• [What you should do]
With pictures left out, extract every line between the start of the records below and the line holding "RA1: 1kx8; CAY16-J8", inclusive.

• [Recorded data]
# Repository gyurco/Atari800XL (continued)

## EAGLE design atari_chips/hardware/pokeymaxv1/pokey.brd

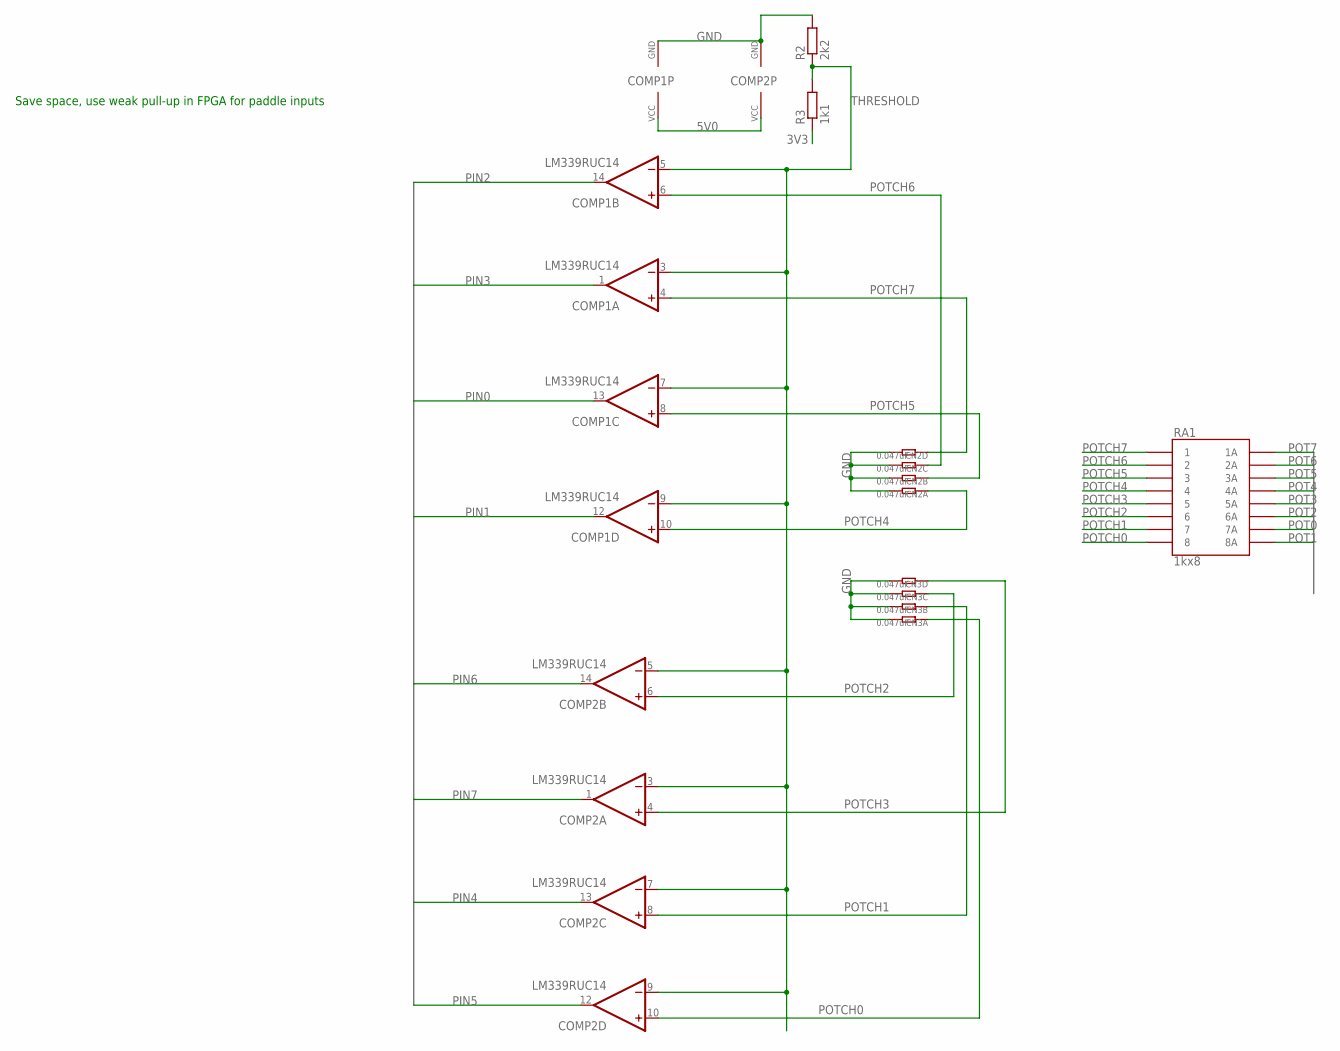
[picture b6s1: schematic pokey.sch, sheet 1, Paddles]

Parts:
CN2, CN3: 0.047uF; R1206-8
COMP1, COMP2: LM339RUC14; RUC14
R2: 2k2; R0603
R3: 1k1; R0603
RA1: 1kx8; CAY16-J8

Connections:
3V3: R3.1; also elsewhere on the board
5V0: COMP1.2 (VCC), COMP2.2 (VCC); also elsewhere on the board
GND: CN2.5 (2), CN2.6 (2), CN2.7 (2), CN2.8 (2), CN3.5 (2), CN3.6 (2), CN3.7 (2), CN3.8 (2), COMP1.11 (GND), COMP2.11 (GND), R2.2; also elsewhere on the board
PIN0: COMP1.13 (OUT); also elsewhere on the board
PIN1: COMP1.12 (OUT); also elsewhere on the board
PIN2: COMP1.14 (OUT); also elsewhere on the board
PIN3: COMP1.1 (OUT); also elsewhere on the board
PIN4: COMP2.13 (OUT); also elsewhere on the board
PIN5: COMP2.12 (OUT); also elsewhere on the board
PIN6: COMP2.14 (OUT); also elsewhere on the board
PIN7: COMP2.1 (OUT); also elsewhere on the board
POT0: RA1.P$10 (7A); also elsewhere on the board
POT1: RA1.P$9 (8A); also elsewhere on the board
POT2: RA1.P$11 (6A); also elsewhere on the board
POT3: RA1.P$12 (5A); also elsewhere on the board
POT4: RA1.P$13 (4A); also elsewhere on the board
POT5: RA1.P$14 (3A); also elsewhere on the board
POT6: RA1.P$15 (2A); also elsewhere on the board
POT7: RA1.P$16 (1A); also elsewhere on the board
POTCH0: CN3.1, COMP2.10 (+IN), RA1.P$8 (8); also elsewhere on the board
POTCH1: CN3.2 (1), COMP2.8 (+IN), RA1.P$7 (7); also elsewhere on the board
POTCH2: CN3.3 (1), COMP2.6 (+IN), RA1.P$6 (6); also elsewhere on the board
POTCH3: CN3.4 (1), COMP2.4 (+IN), RA1.P$5 (5); also elsewhere on the board
POTCH4: CN2.1, COMP1.10 (+IN), RA1.P$4 (4); also elsewhere on the board
POTCH5: CN2.2 (1), COMP1.8 (+IN), RA1.P$3 (3); also elsewhere on the board
POTCH6: CN2.3 (1), COMP1.6 (+IN), RA1.P$2 (2); also elsewhere on the board
POTCH7: CN2.4 (1), COMP1.4 (+IN), RA1.P$1 (1); also elsewhere on the board
THRESHOLD: COMP1.3 (-IN), COMP1.5 (-IN), COMP1.7 (-IN), COMP1.9 (-IN), COMP2.3 (-IN), COMP2.5 (-IN), COMP2.7 (-IN), COMP2.9 (-IN), R2.1, R3.2

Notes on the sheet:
Save space, use weak pull-up in FPGA for paddle inputs

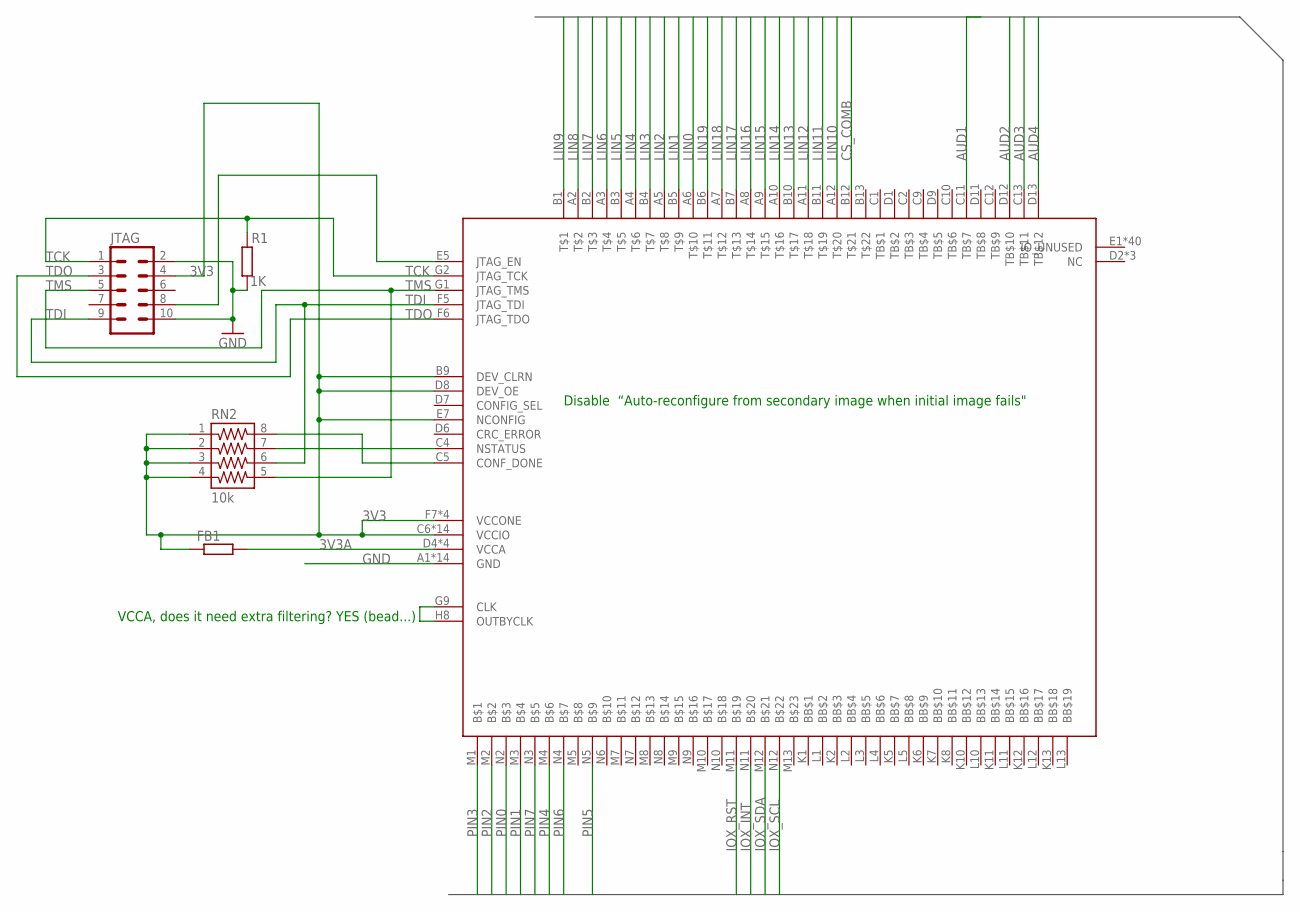
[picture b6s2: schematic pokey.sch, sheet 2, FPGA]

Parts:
FB1: R-EU_R0603; R0603
JTAG: ML10
MAX10: MAX10; U169SMALL
R1: 1K; R0603
RN2: 10k; 742-8

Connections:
3V3: FB1.1, JTAG.4, MAX10.B9 (DEV_CLRN), MAX10.C6 (VCCIO), MAX10.C7 (VCCIO), MAX10.C8 (VCCIO), MAX10.D8 (DEV_OE), MAX10.E7 (NCONFIG), MAX10.F2 (VCCIO), MAX10.F7 (VCCONE), MAX10.F11 (VCCIO), MAX10.G3 (VCCIO), MAX10.G6 (VCCONE), MAX10.G8 (VCCONE), MAX10.G11 (VCCIO), MAX10.H7 (VCCONE), MAX10.H11 (VCCIO), MAX10.J3 (VCCIO), MAX10.J11 (VCCIO), MAX10.K3 (VCCIO), MAX10.L6 (VCCIO), MAX10.L7 (VCCIO), MAX10.L8 (VCCIO), RN2.1, RN2.2, RN2.3, RN2.4; also elsewhere on the board
3V3A: FB1.2, MAX10.D4 (VCCA), MAX10.D10 (VCCA), MAX10.K4 (VCCA), MAX10.K9 (VCCA); also elsewhere on the board
AUD1: MAX10.C11 (TB$7); also elsewhere on the board
AUD2: MAX10.D12 (TB$10); also elsewhere on the board
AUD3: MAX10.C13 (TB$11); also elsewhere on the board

• [Reply to the task]
# Repository gyurco/Atari800XL (continued)

## EAGLE design atari_chips/hardware/pokeymaxv1/pokey.brd

[picture b6s1: schematic pokey.sch, sheet 1, Paddles]

Parts:
CN2, CN3: 0.047uF; R1206-8
COMP1, COMP2: LM339RUC14; RUC14
R2: 2k2; R0603
R3: 1k1; R0603
RA1: 1kx8; CAY16-J8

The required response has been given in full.